Core Concepts at a Glance
ABV’s observability model has four main building blocks:
| Concept | What It Is | When to Use | Example |
|---|
| Trace | Single request or operation | Every API call or workflow | User asks a question in your chatbot |
| Observation | Individual steps within a trace | Track specific operations | LLM call, database query, function execution |
| Session | Group of related traces | Multi-turn interactions | Entire conversation thread |
| Score | Evaluation metric | Measure quality or performance | Accuracy score, cost, latency |
Data Model Visualization
The following diagram shows how ABV’s core concepts relate to each other:
Key relationships:
- Sessions group multiple traces (one-to-many)
- Traces contain multiple observations (one-to-many)
- Observations can be nested hierarchically
- Scores evaluate traces, observations, or sessions
Traces and Observations
Traces
A trace typically represents a single request or operation. It contains the overall input and output of the function, as well as metadata about the request ( i.e. user, session, tags, etc.).
Observations
Each trace can contain multiple observations to log the individual steps of the execution. Usually, a trace corresponds to a single api call of an application.
Types
Events are the basic building blocks. They are used to track discrete events in a trace.
Spans represent durations of units of work in a trace.

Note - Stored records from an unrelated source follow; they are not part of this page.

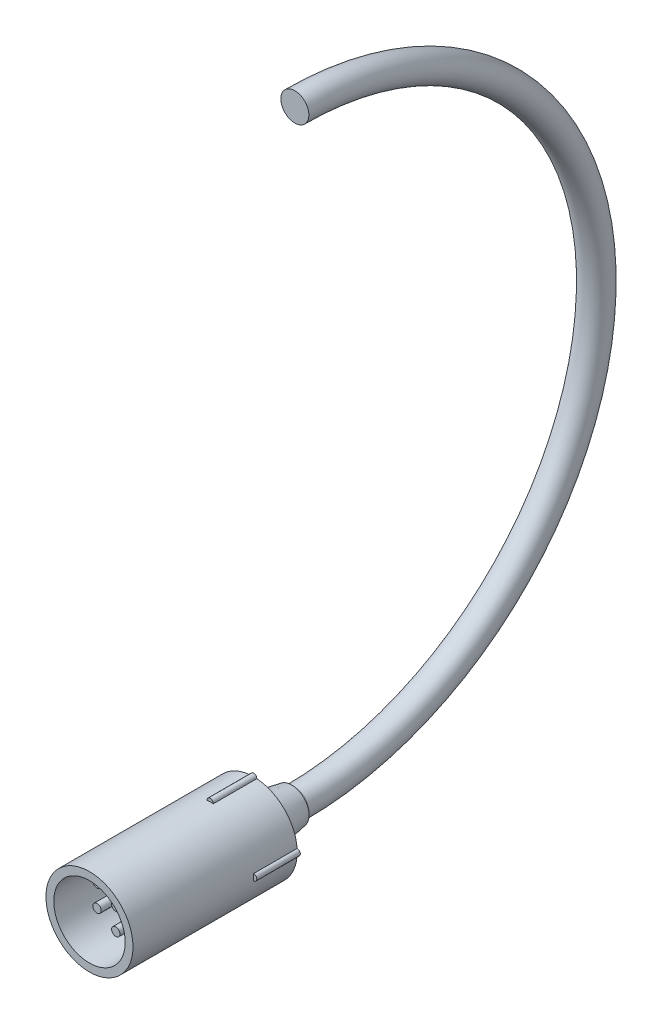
ISO-10303-21;
HEADER;
FILE_DESCRIPTION(('STEP AP214'),'2;1');
FILE_NAME('part.step','',(''),(''),'','','');
FILE_SCHEMA(('AUTOMOTIVE_DESIGN { 1 0 10303 214 1 1 1 1 }'));
ENDSEC;
DATA;
#1=APPLICATION_CONTEXT('core data for automotive mechanical design processes');
#2=APPLICATION_PROTOCOL_DEFINITION('international standard','automotive_design',2000,#1);
#3=PRODUCT_CONTEXT('',#1,'mechanical');
#4=PRODUCT('Part','Part','',(#3));
#5=PRODUCT_RELATED_PRODUCT_CATEGORY('part','',(#4));
#6=PRODUCT_DEFINITION_FORMATION('','',#4);
#7=PRODUCT_DEFINITION_CONTEXT('part definition',#1,'design');
#8=PRODUCT_DEFINITION('design','',#6,#7);
#9=PRODUCT_DEFINITION_SHAPE('','',#8);
#10=(LENGTH_UNIT() NAMED_UNIT(*) SI_UNIT(.MILLI.,.METRE.));
#11=(NAMED_UNIT(*) PLANE_ANGLE_UNIT() SI_UNIT($,.RADIAN.));
#12=(NAMED_UNIT(*) SI_UNIT($,.STERADIAN.) SOLID_ANGLE_UNIT());
#13=UNCERTAINTY_MEASURE_WITH_UNIT(LENGTH_MEASURE(1.E-05),#10,'distance_accuracy_value','');
#14=(GEOMETRIC_REPRESENTATION_CONTEXT(3) GLOBAL_UNCERTAINTY_ASSIGNED_CONTEXT((#13)) GLOBAL_UNIT_ASSIGNED_CONTEXT((#10,
#11,#12)) REPRESENTATION_CONTEXT('',''));
#15=CARTESIAN_POINT('',(0.,0.,0.));
#16=DIRECTION('',(0.,0.,1.));
#17=DIRECTION('',(1.,0.,0.));
#18=AXIS2_PLACEMENT_3D('',#15,#16,#17);
#19=CARTESIAN_POINT('',(0.,0.,0.));
#20=DIRECTION('',(0.,0.,1.));
#21=DIRECTION('',(1.,0.,0.));
#22=AXIS2_PLACEMENT_3D('',#19,#20,#21);
#23=CYLINDRICAL_SURFACE('',#22,6.24891605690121);
#24=CARTESIAN_POINT('',(0.,0.,-20.5599870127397));
#25=DIRECTION('',(0.,0.,1.));
#26=DIRECTION('',(1.,0.,0.));
#27=AXIS2_PLACEMENT_3D('',#24,#25,#26);
#28=CIRCLE('',#27,6.24891605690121);
#29=CARTESIAN_POINT('',(6.24891605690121,0.,-20.5599870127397));
#30=VERTEX_POINT('',#29);
#31=EDGE_CURVE('E142',#30,#30,#28,.T.);
#32=ORIENTED_EDGE('',*,*,#31,.F.);
#33=EDGE_LOOP('',(#32));
#34=FACE_BOUND('',#33,.T.);
#35=CARTESIAN_POINT('',(0.,0.,-19.0568456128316));
#36=DIRECTION('',(0.,0.,1.));
#37=DIRECTION('',(1.,0.,0.));
#38=AXIS2_PLACEMENT_3D('',#35,#36,#37);
#39=CIRCLE('',#38,6.24891605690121);
#40=CARTESIAN_POINT('',(6.24891605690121,0.,-19.0568456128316));
#41=VERTEX_POINT('',#40);
#42=EDGE_CURVE('E12',#41,#41,#39,.T.);
#43=ORIENTED_EDGE('',*,*,#42,.T.);
#44=EDGE_LOOP('',(#43));
#45=FACE_BOUND('',#44,.T.);
#46=ADVANCED_FACE('F52',(#34,#45),#23,.F.);
#47=CARTESIAN_POINT('',(0.,6.24891605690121,-19.0568456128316));
#48=DIRECTION('',(0.,0.,-1.));
#49=DIRECTION('',(-1.,0.,0.));
#50=AXIS2_PLACEMENT_3D('',#47,#48,#49);
#51=PLANE('',#50);
#52=ORIENTED_EDGE('',*,*,#42,.F.);
#53=EDGE_LOOP('',(#52));
#54=FACE_BOUND('',#53,.T.);
#55=CARTESIAN_POINT('',(0.,0.,-19.0568456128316));
#56=DIRECTION('',(0.,0.,1.));
#57=DIRECTION('',(1.,0.,0.));
#58=AXIS2_PLACEMENT_3D('',#55,#56,#57);
#59=CIRCLE('',#58,8.15697436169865);
#60=CARTESIAN_POINT('',(8.15697436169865,0.,-19.0568456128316));
#61=VERTEX_POINT('',#60);
#62=EDGE_CURVE('E60',#61,#61,#59,.T.);
#63=ORIENTED_EDGE('',*,*,#62,.T.);
#64=EDGE_LOOP('',(#63));
#65=FACE_BOUND('',#64,.T.);
#66=ADVANCED_FACE('F240',(#54,#65),#51,.F.);
#67=CARTESIAN_POINT('',(0.,0.,0.));
#68=DIRECTION('',(0.,0.,1.));
#69=DIRECTION('',(1.,0.,0.));
#70=AXIS2_PLACEMENT_3D('',#67,#68,#69);
#71=CYLINDRICAL_SURFACE('',#70,8.15697436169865);
#72=ORIENTED_EDGE('',*,*,#62,.F.);
#73=EDGE_LOOP('',(#72));
#74=FACE_BOUND('',#73,.T.);
#75=CARTESIAN_POINT('',(0.,0.,2.09947416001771));
#76=DIRECTION('',(0.,0.,1.));
#77=DIRECTION('',(1.,0.,0.));
#78=AXIS2_PLACEMENT_3D('',#75,#76,#77);
#79=CIRCLE('',#78,8.15697436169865);
#80=CARTESIAN_POINT('',(8.15697436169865,0.,2.09947416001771));
#81=VERTEX_POINT('',#80);
#82=EDGE_CURVE('E233',#81,#81,#79,.T.);
#83=ORIENTED_EDGE('',*,*,#82,.T.);
#84=EDGE_LOOP('',(#83));
#85=FACE_BOUND('',#84,.T.);
#86=ADVANCED_FACE('F242',(#74,#85),#71,.F.);
#87=CARTESIAN_POINT('',(0.,8.15697436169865,2.09947416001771));
#88=DIRECTION('',(0.,0.,-1.));
#89=DIRECTION('',(-1.,0.,0.));
#90=AXIS2_PLACEMENT_3D('',#87,#88,#89);
#91=PLANE('',#90);
#92=ORIENTED_EDGE('',*,*,#82,.F.);
#93=EDGE_LOOP('',(#92));
#94=FACE_BOUND('',#93,.T.);
#95=CARTESIAN_POINT('',(0.,0.,2.09947416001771));
#96=DIRECTION('',(0.,0.,1.));
#97=DIRECTION('',(1.,0.,0.));
#98=AXIS2_PLACEMENT_3D('',#95,#96,#97);
#99=CIRCLE('',#98,9.02779769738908);
#100=CARTESIAN_POINT('',(9.02779769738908,0.,2.09947416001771));
#101=VERTEX_POINT('',#100);
#102=EDGE_CURVE('E229',#101,#101,#99,.T.);
#103=ORIENTED_EDGE('',*,*,#102,.T.);
#104=EDGE_LOOP('',(#103));
#105=FACE_BOUND('',#104,.T.);
#106=ADVANCED_FACE('F245',(#94,#105),#91,.F.);
#107=CARTESIAN_POINT('',(0.,0.,0.));
#108=DIRECTION('',(0.,0.,1.));
#109=DIRECTION('',(1.,0.,0.));
#110=AXIS2_PLACEMENT_3D('',#107,#108,#109);
#111=CYLINDRICAL_SURFACE('',#110,9.02779769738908);
#112=ORIENTED_EDGE('',*,*,#102,.F.);
#113=EDGE_LOOP('',(#112));
#114=FACE_BOUND('',#113,.T.);
#115=CARTESIAN_POINT('',(0.,0.,20.9400129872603));
#116=DIRECTION('',(0.,0.,1.));
#117=DIRECTION('',(1.,0.,0.));
#118=AXIS2_PLACEMENT_3D('',#115,#116,#117);
#119=CIRCLE('',#118,9.02779769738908);
#120=CARTESIAN_POINT('',(9.02779769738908,0.,20.9400129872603));
#121=VERTEX_POINT('',#120);
#122=EDGE_CURVE('E225',#121,#121,#119,.T.);
#123=ORIENTED_EDGE('',*,*,#122,.T.);
#124=EDGE_LOOP('',(#123));
#125=FACE_BOUND('',#124,.T.);
#126=ADVANCED_FACE('F251',(#114,#125),#111,.F.);
#127=CARTESIAN_POINT('',(0.,9.02779769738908,20.9400129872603));
#128=DIRECTION('',(0.,0.,-1.));
#129=DIRECTION('',(-1.,0.,0.));
#130=AXIS2_PLACEMENT_3D('',#127,#128,#129);
#131=PLANE('',#130);
#132=ORIENTED_EDGE('',*,*,#122,.F.);
#133=EDGE_LOOP('',(#132));
#134=FACE_BOUND('',#133,.T.);
#135=CARTESIAN_POINT('',(0.,0.,20.9400129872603));
#136=DIRECTION('',(0.,0.,1.));
#137=DIRECTION('',(1.,0.,0.));
#138=AXIS2_PLACEMENT_3D('',#135,#136,#137);
#139=CIRCLE('',#138,11.);
#140=CARTESIAN_POINT('',(11.,0.,20.9400129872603));
#141=VERTEX_POINT('',#140);
#142=EDGE_CURVE('E220',#141,#141,#139,.T.);
#143=ORIENTED_EDGE('',*,*,#142,.T.);
#144=EDGE_LOOP('',(#143));
#145=FACE_BOUND('',#144,.T.);
#146=ADVANCED_FACE('F257',(#134,#145),#131,.F.);
#147=CARTESIAN_POINT('',(0.,0.,0.));
#148=DIRECTION('',(0.,0.,1.));
#149=DIRECTION('',(1.,0.,0.));
#150=AXIS2_PLACEMENT_3D('',#147,#148,#149);
#151=CYLINDRICAL_SURFACE('',#150,11.);
#152=ORIENTED_EDGE('',*,*,#142,.F.);
#153=EDGE_LOOP('',(#152));
#154=FACE_BOUND('',#153,.T.);
#155=CARTESIAN_POINT('',(0.,0.,-9.55998701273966));
#156=DIRECTION('',(0.,0.,1.));
#157=DIRECTION('',(0.,1.,0.));
#158=AXIS2_PLACEMENT_3D('',#155,#156,#157);
#159=CIRCLE('',#158,11.);
#160=CARTESIAN_POINT('',(10.9717894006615,-0.787297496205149,-9.55998701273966));
#161=VERTEX_POINT('',#160);
#162=CARTESIAN_POINT('',(10.9717894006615,0.787297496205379,-9.55998701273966));
#163=VERTEX_POINT('',#162);
#164=EDGE_CURVE('E74',#161,#163,#159,.T.);
#165=ORIENTED_EDGE('',*,*,#164,.T.);
#166=DIRECTION('',(0.,0.,-1.));
#167=VECTOR('',#166,1.);
#168=CARTESIAN_POINT('',(10.9717894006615,0.787297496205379,-9.55998701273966));
#169=LINE('',#168,#167);
#170=CARTESIAN_POINT('',(10.9717894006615,0.787297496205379,-20.5599870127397));
#171=VERTEX_POINT('',#170);
#172=EDGE_CURVE('E145',#163,#171,#169,.T.);
#173=ORIENTED_EDGE('',*,*,#172,.T.);
#174=CARTESIAN_POINT('',(0.,0.,-20.5599870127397));
#175=DIRECTION('',(0.,0.,1.));
#176=DIRECTION('',(1.,0.,0.));
#177=AXIS2_PLACEMENT_3D('',#174,#175,#176);
#178=CIRCLE('',#177,11.);
#179=CARTESIAN_POINT('',(0.787297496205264,10.9717894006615,-20.5599870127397));
#180=VERTEX_POINT('',#179);
#181=EDGE_CURVE('E132',#171,#180,#178,.T.);
#182=ORIENTED_EDGE('',*,*,#181,.T.);
#183=DIRECTION('',(0.,0.,-1.));
#184=VECTOR('',#183,1.);
#185=CARTESIAN_POINT('',(0.787297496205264,10.9717894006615,-9.55998701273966));
#186=LINE('',#185,#184);
#187=CARTESIAN_POINT('',(0.787297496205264,10.9717894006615,-9.55998701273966));
#188=VERTEX_POINT('',#187);
#189=EDGE_CURVE('E210',#188,#180,#186,.T.);
#190=ORIENTED_EDGE('',*,*,#189,.F.);
#191=CARTESIAN_POINT('',(0.,0.,-9.55998701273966));
#192=DIRECTION('',(0.,0.,1.));
#193=DIRECTION('',(-1.,0.,0.));
#194=AXIS2_PLACEMENT_3D('',#191,#192,#193);
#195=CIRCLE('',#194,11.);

Generations are spans used to log generations of AI models incl. prompts, token usage and costs.
Nesting
Observations can be nested to represent the hierarchical structure of your application. For example, a trace might contain a span for the entire request, which in turn contains a generation for an LLM call.
Sessions
Optionally, traces can be grouped into sessions. Sessions are used to group traces that are part of the same user interaction. A common example is a thread in a chat interface.
Please refer to the Sessions documentation to add sessions to your traces.
Scores
Scores are flexible objects used to evaluate traces, observations, sessions and dataset runs.
They can be:
- Numeric, categorical, or boolean values
- Associated with a trace, a session, or a dataset run (one and only one is required)
- For trace level scores only: Linked to a specific observation within a trace (optional)
- Annotated with comments for additional context
- Validated against a score configuration schema (optional)
Typically, session-level scores are used for comprehensive evaluation of conversational experiences across multiple interactions, while trace-level scores are used for evaluation of a single interaction. Dataset run level scores are used for overall evaluation of a dataset run, e.g. precision, recall, F1-score.
Please refer to the scores documentation to get started. For more details on score types and attributes, refer to the scores data model documentation.
Real-World Examples
Understanding how to apply ABV’s data model to different scenarios helps you instrument your application effectively.
Example 1: Simple Chatbot
Session: "User conversation thread #123"
└─ Trace: "User message: 'What's the weather?'"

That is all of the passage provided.